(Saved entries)
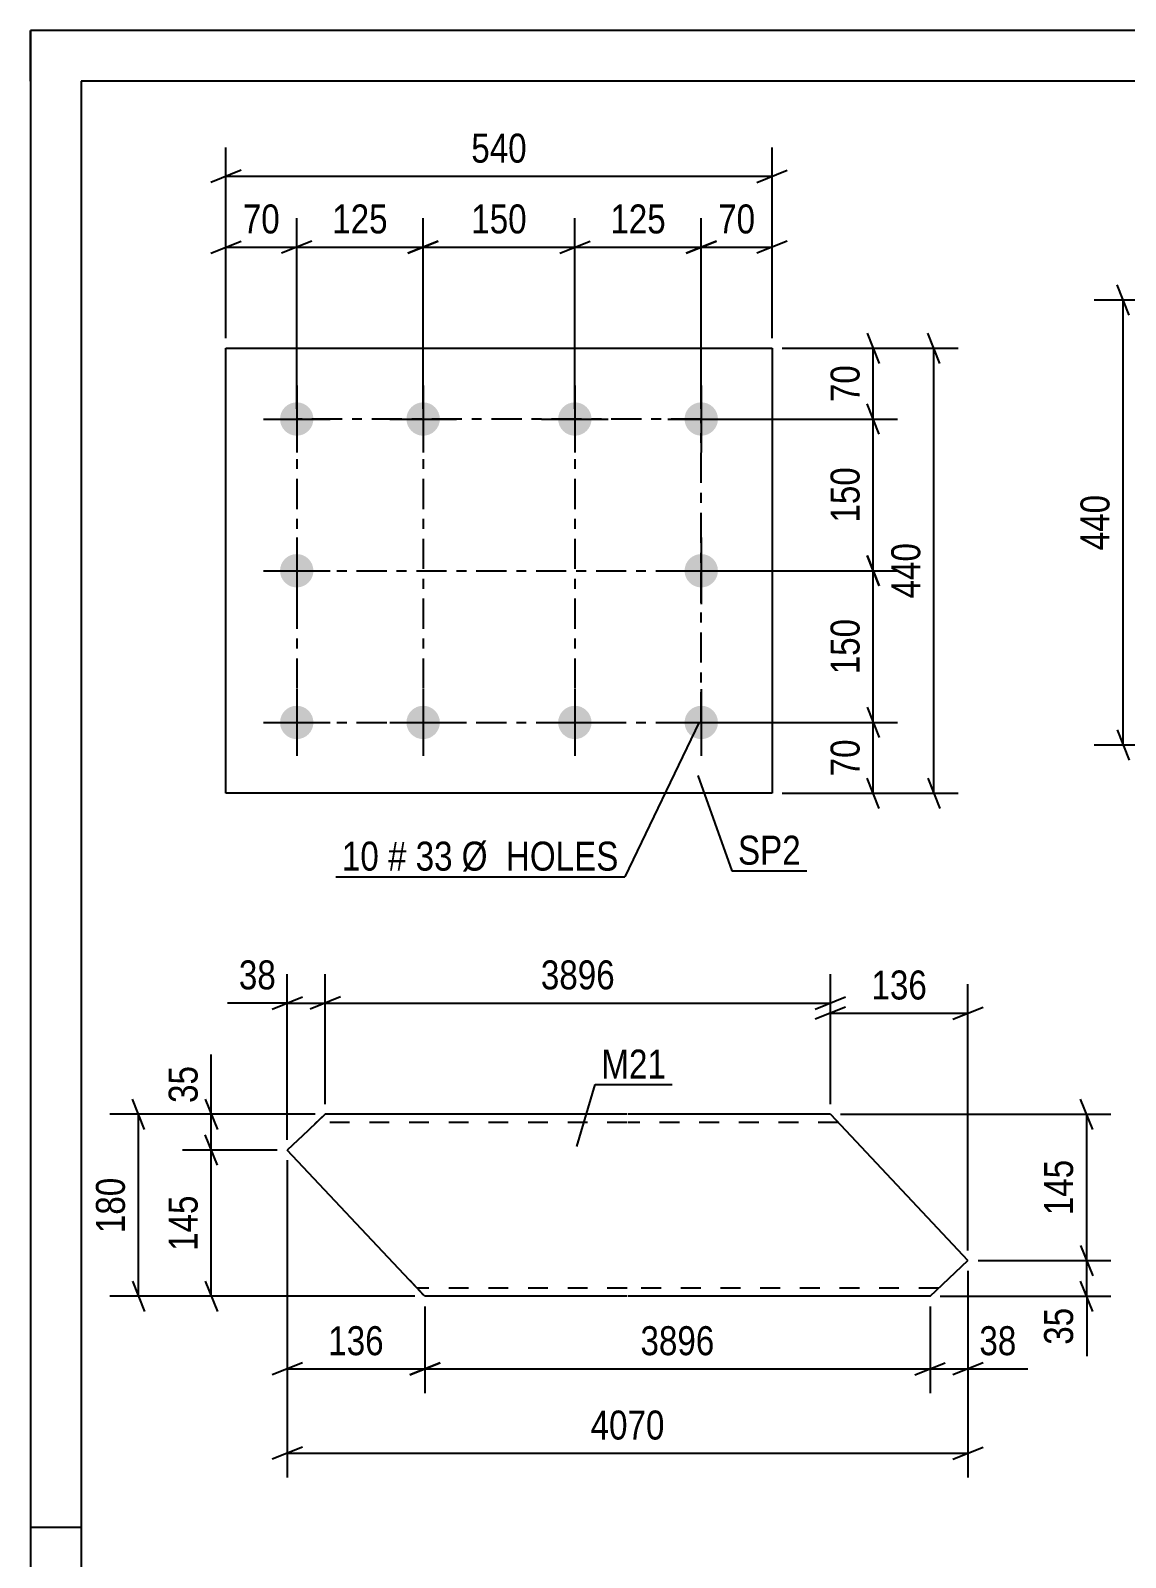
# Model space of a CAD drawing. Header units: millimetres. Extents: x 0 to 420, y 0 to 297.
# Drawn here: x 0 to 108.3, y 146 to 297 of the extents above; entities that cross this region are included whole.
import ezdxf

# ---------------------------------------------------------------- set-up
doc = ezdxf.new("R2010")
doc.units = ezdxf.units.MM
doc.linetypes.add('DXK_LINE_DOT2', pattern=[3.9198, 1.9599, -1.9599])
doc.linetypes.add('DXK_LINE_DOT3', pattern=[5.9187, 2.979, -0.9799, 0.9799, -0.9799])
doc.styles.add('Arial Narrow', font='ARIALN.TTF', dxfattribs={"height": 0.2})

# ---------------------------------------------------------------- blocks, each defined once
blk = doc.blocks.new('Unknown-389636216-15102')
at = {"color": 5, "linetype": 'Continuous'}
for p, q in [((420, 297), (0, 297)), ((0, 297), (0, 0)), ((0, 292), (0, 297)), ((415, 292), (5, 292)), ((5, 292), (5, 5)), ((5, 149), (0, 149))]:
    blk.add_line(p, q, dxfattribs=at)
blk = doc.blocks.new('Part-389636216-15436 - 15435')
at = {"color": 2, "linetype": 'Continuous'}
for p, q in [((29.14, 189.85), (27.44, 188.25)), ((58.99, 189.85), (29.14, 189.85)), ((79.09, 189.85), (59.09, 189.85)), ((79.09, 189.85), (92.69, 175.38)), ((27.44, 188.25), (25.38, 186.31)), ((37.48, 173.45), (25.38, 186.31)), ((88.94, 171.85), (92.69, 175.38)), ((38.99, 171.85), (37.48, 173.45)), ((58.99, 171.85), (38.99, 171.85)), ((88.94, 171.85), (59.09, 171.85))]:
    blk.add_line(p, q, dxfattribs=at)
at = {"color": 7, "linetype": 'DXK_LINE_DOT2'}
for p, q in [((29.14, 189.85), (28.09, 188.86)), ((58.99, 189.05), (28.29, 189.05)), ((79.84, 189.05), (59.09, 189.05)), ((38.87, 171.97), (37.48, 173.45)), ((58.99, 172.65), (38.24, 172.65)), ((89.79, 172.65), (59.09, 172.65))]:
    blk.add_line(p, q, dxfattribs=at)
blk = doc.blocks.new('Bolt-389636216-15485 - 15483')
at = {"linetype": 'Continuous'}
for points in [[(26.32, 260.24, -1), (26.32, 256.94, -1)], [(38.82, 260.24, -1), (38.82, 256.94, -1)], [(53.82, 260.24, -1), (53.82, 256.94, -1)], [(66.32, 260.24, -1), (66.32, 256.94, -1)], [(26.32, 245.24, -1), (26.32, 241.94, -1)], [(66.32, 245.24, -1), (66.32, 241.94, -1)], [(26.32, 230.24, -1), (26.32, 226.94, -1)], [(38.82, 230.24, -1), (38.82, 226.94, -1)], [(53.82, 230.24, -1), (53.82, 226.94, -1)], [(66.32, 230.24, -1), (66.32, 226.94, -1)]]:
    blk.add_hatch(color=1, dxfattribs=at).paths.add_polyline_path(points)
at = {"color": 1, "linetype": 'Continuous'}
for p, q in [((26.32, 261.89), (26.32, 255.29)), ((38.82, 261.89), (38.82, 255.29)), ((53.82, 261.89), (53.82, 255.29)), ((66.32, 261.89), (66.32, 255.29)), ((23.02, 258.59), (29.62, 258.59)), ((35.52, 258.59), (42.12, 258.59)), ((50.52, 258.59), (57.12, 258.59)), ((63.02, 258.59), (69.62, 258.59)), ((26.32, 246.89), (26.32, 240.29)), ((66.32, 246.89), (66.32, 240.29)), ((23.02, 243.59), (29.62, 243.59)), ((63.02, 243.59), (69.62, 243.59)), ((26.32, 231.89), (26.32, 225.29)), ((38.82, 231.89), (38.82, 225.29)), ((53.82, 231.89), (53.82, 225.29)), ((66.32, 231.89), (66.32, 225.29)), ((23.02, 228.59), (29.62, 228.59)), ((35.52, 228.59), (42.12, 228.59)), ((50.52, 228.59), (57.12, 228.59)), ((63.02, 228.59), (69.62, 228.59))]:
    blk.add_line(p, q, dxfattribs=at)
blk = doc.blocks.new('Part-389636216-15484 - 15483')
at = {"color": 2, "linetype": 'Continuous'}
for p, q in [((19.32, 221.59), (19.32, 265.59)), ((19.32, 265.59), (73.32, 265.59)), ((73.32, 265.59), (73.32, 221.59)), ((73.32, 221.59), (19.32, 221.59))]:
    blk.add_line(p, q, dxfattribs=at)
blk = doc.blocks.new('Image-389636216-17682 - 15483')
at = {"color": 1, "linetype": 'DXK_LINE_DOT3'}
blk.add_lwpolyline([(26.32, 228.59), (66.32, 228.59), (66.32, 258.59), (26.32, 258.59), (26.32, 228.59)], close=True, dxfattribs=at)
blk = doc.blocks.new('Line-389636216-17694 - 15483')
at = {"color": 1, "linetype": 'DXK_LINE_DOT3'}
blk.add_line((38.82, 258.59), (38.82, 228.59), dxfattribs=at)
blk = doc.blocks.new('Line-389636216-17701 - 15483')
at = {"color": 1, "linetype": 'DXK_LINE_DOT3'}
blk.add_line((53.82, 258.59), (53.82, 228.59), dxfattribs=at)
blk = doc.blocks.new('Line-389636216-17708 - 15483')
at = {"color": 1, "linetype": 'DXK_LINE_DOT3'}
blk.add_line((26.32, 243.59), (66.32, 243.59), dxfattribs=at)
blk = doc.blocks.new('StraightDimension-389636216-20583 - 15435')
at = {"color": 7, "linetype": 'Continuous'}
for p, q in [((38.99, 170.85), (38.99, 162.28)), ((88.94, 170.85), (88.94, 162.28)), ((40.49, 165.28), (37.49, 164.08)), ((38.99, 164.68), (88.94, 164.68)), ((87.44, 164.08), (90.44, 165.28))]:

• _WHAT NEEDS TO BE DONE_
Restate every record exactly, please; do not copy the pictures.

• _THE ANSWER_
# Model space of a CAD drawing. Header units: millimetres. Extents: x 0 to 420, y 0 to 297.
# Drawn here: x 0 to 108.3, y 146 to 297 of the extents above; entities that cross this region are included whole.
import ezdxf

# ---------------------------------------------------------------- set-up
doc = ezdxf.new("R2010")
doc.units = ezdxf.units.MM
doc.linetypes.add('DXK_LINE_DOT2', pattern=[3.9198, 1.9599, -1.9599])
doc.linetypes.add('DXK_LINE_DOT3', pattern=[5.9187, 2.979, -0.9799, 0.9799, -0.9799])
doc.styles.add('Arial Narrow', font='ARIALN.TTF', dxfattribs={"height": 0.2})

# ---------------------------------------------------------------- blocks, each defined once
blk = doc.blocks.new('Unknown-389636216-15102')
at = {"color": 5, "linetype": 'Continuous'}
for p, q in [((420, 297), (0, 297)), ((0, 297), (0, 0)), ((0, 292), (0, 297)), ((415, 292), (5, 292)), ((5, 292), (5, 5)), ((5, 149), (0, 149))]:
    blk.add_line(p, q, dxfattribs=at)
blk = doc.blocks.new('Part-389636216-15436 - 15435')
at = {"color": 2, "linetype": 'Continuous'}
for p, q in [((29.14, 189.85), (27.44, 188.25)), ((58.99, 189.85), (29.14, 189.85)), ((79.09, 189.85), (59.09, 189.85)), ((79.09, 189.85), (92.69, 175.38)), ((27.44, 188.25), (25.38, 186.31)), ((37.48, 173.45), (25.38, 186.31)), ((88.94, 171.85), (92.69, 175.38)), ((38.99, 171.85), (37.48, 173.45)), ((58.99, 171.85), (38.99, 171.85)), ((88.94, 171.85), (59.09, 171.85))]:
    blk.add_line(p, q, dxfattribs=at)
at = {"color": 7, "linetype": 'DXK_LINE_DOT2'}
for p, q in [((29.14, 189.85), (28.09, 188.86)), ((58.99, 189.05), (28.29, 189.05)), ((79.84, 189.05), (59.09, 189.05)), ((38.87, 171.97), (37.48, 173.45)), ((58.99, 172.65), (38.24, 172.65)), ((89.79, 172.65), (59.09, 172.65))]:
    blk.add_line(p, q, dxfattribs=at)
blk = doc.blocks.new('Bolt-389636216-15485 - 15483')
at = {"linetype": 'Continuous'}
for points in [[(26.32, 260.24, -1), (26.32, 256.94, -1)], [(38.82, 260.24, -1), (38.82, 256.94, -1)], [(53.82, 260.24, -1), (53.82, 256.94, -1)], [(66.32, 260.24, -1), (66.32, 256.94, -1)], [(26.32, 245.24, -1), (26.32, 241.94, -1)], [(66.32, 245.24, -1), (66.32, 241.94, -1)], [(26.32, 230.24, -1), (26.32, 226.94, -1)], [(38.82, 230.24, -1), (38.82, 226.94, -1)], [(53.82, 230.24, -1), (53.82, 226.94, -1)], [(66.32, 230.24, -1), (66.32, 226.94, -1)]]:
    blk.add_hatch(color=1, dxfattribs=at).paths.add_polyline_path(points)
at = {"color": 1, "linetype": 'Continuous'}
for p, q in [((26.32, 261.89), (26.32, 255.29)), ((38.82, 261.89), (38.82, 255.29)), ((53.82, 261.89), (53.82, 255.29)), ((66.32, 261.89), (66.32, 255.29)), ((23.02, 258.59), (29.62, 258.59)), ((35.52, 258.59), (42.12, 258.59)), ((50.52, 258.59), (57.12, 258.59)), ((63.02, 258.59), (69.62, 258.59)), ((26.32, 246.89), (26.32, 240.29)), ((66.32, 246.89), (66.32, 240.29)), ((23.02, 243.59), (29.62, 243.59)), ((63.02, 243.59), (69.62, 243.59)), ((26.32, 231.89), (26.32, 225.29)), ((38.82, 231.89), (38.82, 225.29)), ((53.82, 231.89), (53.82, 225.29)), ((66.32, 231.89), (66.32, 225.29)), ((23.02, 228.59), (29.62, 228.59)), ((35.52, 228.59), (42.12, 228.59)), ((50.52, 228.59), (57.12, 228.59)), ((63.02, 228.59), (69.62, 228.59))]:
    blk.add_line(p, q, dxfattribs=at)
blk = doc.blocks.new('Part-389636216-15484 - 15483')
at = {"color": 2, "linetype": 'Continuous'}
for p, q in [((19.32, 221.59), (19.32, 265.59)), ((19.32, 265.59), (73.32, 265.59)), ((73.32, 265.59), (73.32, 221.59)), ((73.32, 221.59), (19.32, 221.59))]:
    blk.add_line(p, q, dxfattribs=at)
blk = doc.blocks.new('Image-389636216-17682 - 15483')
at = {"color": 1, "linetype": 'DXK_LINE_DOT3'}
blk.add_lwpolyline([(26.32, 228.59), (66.32, 228.59), (66.32, 258.59), (26.32, 258.59), (26.32, 228.59)], close=True, dxfattribs=at)
blk = doc.blocks.new('Line-389636216-17694 - 15483')
at = {"color": 1, "linetype": 'DXK_LINE_DOT3'}
blk.add_line((38.82, 258.59), (38.82, 228.59), dxfattribs=at)
blk = doc.blocks.new('Line-389636216-17701 - 15483')
at = {"color": 1, "linetype": 'DXK_LINE_DOT3'}
blk.add_line((53.82, 258.59), (53.82, 228.59), dxfattribs=at)
blk = doc.blocks.new('Line-389636216-17708 - 15483')
at = {"color": 1, "linetype": 'DXK_LINE_DOT3'}
blk.add_line((26.32, 243.59), (66.32, 243.59), dxfattribs=at)
blk = doc.blocks.new('StraightDimension-389636216-20583 - 15435')
at = {"color": 7, "linetype": 'Continuous'}
for p, q in [((38.99, 170.85), (38.99, 162.28)), ((88.94, 170.85), (88.94, 162.28)), ((40.49, 165.28), (37.49, 164.08)), ((38.99, 164.68), (88.94, 164.68)), ((87.44, 164.08), (90.44, 165.28))]:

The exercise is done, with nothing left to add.